Also known as Agnes of Prague; princess; Poor Clare abbess; b. Prague, Bohemia, c. 12001205?; d. Prague, Bohemia, March 2, 1281 or 1282; canonized by Pope John Paul II, Nov. 12, 1989.

Agnes, daughter of Ottokar I, King of Bohemia, and Constance of Hungary, the sister of King Andreas II of Hungary, received her early education from the Cistercian nuns of Trebnitz. This cousin of St. Elizabeth of Hungary (12071231) was betrothed at the age of three to Boleslaus, son of Duke Henry of Silesia. Later she appealed to Pope Gregory IX, and he intervened on her behalf to allow her to consecrate herself to virginity.

Agnes established two hospitals for the poor, and she persuaded members of the Military Order of Crusaders of the Red Star (Bethlehemites) to staff them. In 1232, Agnes accomplished the building of a Franciscan friary and the Poor Clare convent of Saint Savior in Prague. Saint Clare sent her five nuns from Assisi to help establish the convent, where Agnes received the veil in 1234 or 1236 and was later elected abbess. Four letters from St. Clare addressed to Agnes are extant.

Agnes is known for her humility and loving service to others. She enjoyed cooking for the sisters and mending the clothes of lepers. She is said to have been gifted with the working of miracles and prescience. She predicted the victory of her brother Wenceslaus over the Duke of Austria. Before her peaceful death, Agnes obtained permission to give up all revenues and property held in common.

Agnes was buried near her convent. About 1322, her body was exhumed and transferred to a special coffin that was lost during the Hussite uprising.

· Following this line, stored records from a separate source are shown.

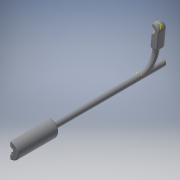
# Autodesk Inventor part: lampa
Saved by Autodesk Inventor 2018 (Build 220112000, 112)
## iProperties
Created: 2018-12-13
Part Number: lampa
Material: Generic
Document SubType Name: Modeling
Designer: petal
Density: 1 g/cm^3
Appearance: Default
Author: petal
Autodesk Inventor part; units mm, degrees
ref_plane "YZ Plane" through (0, 0, 0) normal (1, 0, 0) x (0, 1, 0)
ref_plane "XZ Plane" through (0, 0, 0) normal (0, 1, 0) x (-1, 0, 0)
ref_plane "XY Plane" through (0, 0, 0) normal (0, 0, 1) x (1, 0, 0)
sketch "Sketch1" plane through (0, 0, 0) normal (0, 0, 1) x (1, 0, 0)
  line L0 (0, 0) -> (0, 150)
  line L1 (0, 150) -> (3, 150) construction
  line L2 (3, 150) -> (3, 40)
  line L3 (0, 0) -> (8, 0)
  line L4 (8, 0) -> (8, 40)
  line L5 (8, 40) -> (3, 40)
  line L6 (1.844, 1) -> (3.3005, 1)
  line L7 (3.3005, 1) -> (3.3005, 0)
  line L8 (1.844, 1) -> (1.844, 2)
  line L9 (1.844, 2) -> (6.5, 2)
  line L10 (6.5, 2) -> (6.5, 38.5)
  line L11 (6.5, 38.5) -> (1.5, 38.5)
  line L12 (1.5, 38.5) -> (1.5, 148.1426)
  line L13 (1.5, 148.1426) -> (1.5, 150)
  line L14 (1.5, 149) -> (0.5, 149)
  line L15 (0.5, 149) -> (0.5, 148)
  line L16 (0.5, 148) -> (1.5, 148)
  line L17 (1.5, 150) -> (3, 150)
  dimension "d0" = 150
  dimension "d1" = 3
  dimension "d3" = 8
  dimension "d4" = 40
  dimension "d20" = 1.5
  dimension "d21" = 1.5
  dimension "d22" = 1.5
  dimension "d23" = 1
  dimension "d24" = 1
  dimension "d25" = 1
  dimension "d26" = 1
  dimension "d27" = 1
  dimension "d28" = 1.4566
  dimension "d29" = 6.601
  dimension "d51" = 3
  constraints: 36 end point, 9 perpendicular, 4 horizontal, 4 vertical, 3 point on line, 1 collinear, 1 midpoint
  measures "d0" distance of L0.start L0.end
  measures "d1" distance of L0.end L1.end
  measures "d3" distance of L0.start L3.end
  measures "d4" distance of L3.end L4.end
  measures "d20" distance between parallel lines of L4 L10
  measures "d21" distance between parallel lines of L2 L12
  measures "d22" distance between parallel lines of L5 L11
  measures "d23" distance of L15.end L14.end
  measures "d24" distance of L14.start L14.end
  measures "d25" distance of L13.end L14.start
  measures "d26" distance from line of L3.end L6
  measures "d27" distance of L8.end L6.start
  measures "d28" distance between parallel lines of L7 L8
  measures "d29" diameter of L7 L0
  measures "d51" diameter of L13 L0
revolve "Revolution1" add sketch "Sketch1" angle 360 about axis through (0, 0, 0) along (0, 1, 0)
fillet "Fillet1" radius 2 1 edges at (-8, 40, 0)
fillet "Fillet2" radius 1 1 edges at (-8, 0, 0)
fillet "Fillet3" radius 1 1 edges at (-3, 150, 0)
ref_plane "Work Plane1" through (0, 126, 0) normal (0, 1, 0) x (1, 0, 0)
sketch "Sketch6" plane through (0, 126, 0) normal (0, 1, 0) x (1, 0, 0)
  circle A0 centre (0, 0) radius 3 projected
  circle A1 centre (0, 0) radius 1.5 projected
sketch "Sketch8" plane through (0, 0, 0) normal (1, 0, 0) x (0, 1, 0)
  arc A0 (126, 0) -> (142, 18) centre (124.0003, 17.8886) ccw
  point P0 (0, 0)
  dimension "d38" = 18
  dimension "d39" = 18
  dimension "d40" = 16
  constraints: 2 point on circle, 1 centre point
  measures "d38" radius of A0
  measures "d39" vertical distance of A0.start A0.end
  measures "d40" horizontal distance of A0.start A0.end
sweep "Sweep1" add profiles "Sketch6" path "Sketch8"
sketch "Sketch9" plane through (0, 142, 18) normal (0, 0.1049383, 0.9944787) x (1, 0, 0)
  circle A0 centre (0, 0) radius 1.5 projected
  circle A1 centre (0, 0) radius 3 projected
  line L0 (-6, -5) -> (6, -5)
  arc A2 (6, 0) -> (-6, 0) centre (0, 0) ccw
  line L1 (6, -5) -> (6, 0)
  line L2 (-6, -5) -> (-6, 0)
  point P0 (0, -139.3271)
  point P1 (1.5, 0)
  point P2 (3, 0)
  dimension "d43" = 12
  dimension "d44" = 5
  dimension "d45" = 6
  dimension "d46" = 6
  constraints: 6 end point, 2 horizontal alignment, 2 point on circle, 2 tangent, 1 centre point, 1 coincident, 1 horizontal
  measures "d43" diameter of A2
  measures "d44" distance from line of L0 point (0, 0)
  measures "d45" horizontal distance of L0.end point (0, 0)
  measures "d46" horizontal distance of L0.start point (0, 0)
extrude "Extrusion2" add sketch "Sketch9" along normal blind 20 contours A0 | A1 | L2 A2 L1 L0
fillet "Fillet4" radius 6 3 edges at (-6, 141.6126, 38.1519) (6, 141.6126, 38.1519) (0, 150.0656, 37.2599)
fillet "Fillet5" radius 1 12 edges at (-6, 139.5138, 18.2623) (6, 139.5138, 18.2623) (0, 147.9669, 17.3704) (0, 139.0166, 18.3148) (0, 144.9834, 17.6852) (-0.0034, 138.7876, 3) (-4.2427, 138.942, 36.6666) (0, 139.1264, 38.4143) (4.2427, 138.942, 36.6666) (-6, 137.7622, 25.4861) (6, 137.7622, 25.4861) (0, 137.0276, 18.5247)
sketch "Sketch10" plane through (0, 138.4967, 32.4474) normal (0, -0.9944787, 0.1049383) x (1, 0, 0)
  line L0 (5, -13) -> (-5, -13) projected
  line L1 (5, 0) -> (5, -13) projected
  arc A0 (5, 0) -> (-5, 0) centre (0, 0) ccw projected
  line L2 (-5, -13) -> (-5, 0) projected
  circle A1 centre (0, 0) radius 2.75
  point P0 (0, -46.8019)
  dimension "d52" = 5.5
  constraints: 1 centre point, 1 coincident
  measures "d52" diameter of A1
extrude "Extrusion3" cut sketch "Sketch10" against normal blind 8 contours A1
sketch "Sketch11" plane through (0, 0, 0) normal (1, 0, 0) x (0, 1, 0)
  line L0 (163.7733, 50.4926) -> (0, 50.4926)
  line L1 (0, 50.4926) -> (0, -25.116)
  line L2 (0, -25.116) -> (163.7733, -25.116)
  line L3 (163.7733, -25.116) -> (163.7733, 50.4926)
  point P0 (0, 0)
  constraints: 8 end point, 2 parallel, 1 horizontal, 1 perpendicular
extrude "Extrusion4" cut sketch "Sketch11" against normal blind 10
sketch "Sketch12" plane through (0, 148, 0) normal (0, -1, 0) x (1, 0, 0)
  arc A0 (0, -1.5) -> (0, 1.5) centre (0, 0) ccw projected
  circle A1 centre (0, 0) radius 1.5
  constraints: 1 coincident, 1 vertical alignment, 2 other
extrude "Extrusion5" cut sketch "Sketch12" along normal blind 50
sketch "Sketch13" plane through (0, 0, 0) normal (-1, 0, 0) x (0, 0, 1)
  line L0 (1.5, 148) -> (1.5, 38.5) projected
  line L1 (3, 136.5799) -> (3, 131.1358) projected
  line L2 (3, 135.7743) -> (-0.254, 135.7743)
  line L3 (-0.254, 135.7743) -> (-0.254, 131.4421)
  line L4 (-0.254, 131.4421) -> (3, 131.4421)
  line L5 (3, 131.4421) -> (3, 135.7743)
  point P0 (0, 0)
  point P1 (1.5, 136.6682)
  point P2 (3, 132.1721)
  dimension "d61" = 4.3322
  constraints: 8 end point, 3 point on line, 2 parallel, 1 horizontal, 1 perpendicular
  measures "d61" distance of L2.end L3.end
extrude "Extrusion6" cut sketch "Sketch13" against normal blind 1.4
sketch "Sketch14" plane through (0, 142, 18) normal (0, -0.1049383, -0.9944787) x (-1, 0, 0)
  line L0 (0, -1.5) -> (0, 1.5) projected
  arc A0 (0, 1.5) -> (-1.5, 0) centre (0, 0) ccw projected
  circle A1 centre (0, 0) radius 1.5
  point P0 (0, -139.3271)
  constraints: 1 horizontal alignment, 1 midpoint, 2 other
extrude "Extrusion7" cut sketch "Sketch14" against normal blind 15
ref_plane "Work Plane3" through (0, 140.116, 19.2044) normal (0, -0.9944787, 0.1049383) x (1, 0, 0)
sketch "Sketch15" plane through (0, 140.116, 19.2044) normal (0, -0.9944787, 0.1049383) x (1, 0, 0)
  line L0 (0, 15.75) -> (0, 10.25) projected
  arc A0 (0, 10.25) -> (0, 15.75) centre (0, 13) ccw projected
  line L1 (6, 13) -> (0, 13) projected
  circle A1 centre (0, 13) radius 3.25
  point P0 (0, -33.8019)
  dimension "d65" = 6.5
  constraints: 1 centre point, 1 coincident
  measures "d65" diameter of A1
extrude "Extrusion8" cut sketch "Sketch15" along normal mid plane 1.1
equation "\"d46\" = d45"
equation "\"d21\" = d22"
equation "\"d22\" = d20"
body "Solid1"

Feast: March 2 (Franciscans).

Bibliography: i. brady, ed., The Legend and Writings of St Clare of Assisi (New York 1953), 910, 8898, 157159. m. fassbinder, Die selige Agnes von Prag, eine königliche Klarissin (Werl 1957). t. johnson, "To Her Who Is Half of Her Soul: Clare of Assisi and the Medieval Epistolary Tradition [Analysis of Clare's Letters to Agnes of Prague]," Magistra: A Journal of Women's Spirituality in History 2, no. 1 (Summer 1996): 2450. j. nemec, Agnese Di Boemia: La Vita, Il Culto, La Legenda (Milan 1987). w. w. seton, Some New Sources for the Life of Bl. Agnes of Bohemia (Aberdeen, Scotland 1915; New York 1966).

[k. i. rabenstein]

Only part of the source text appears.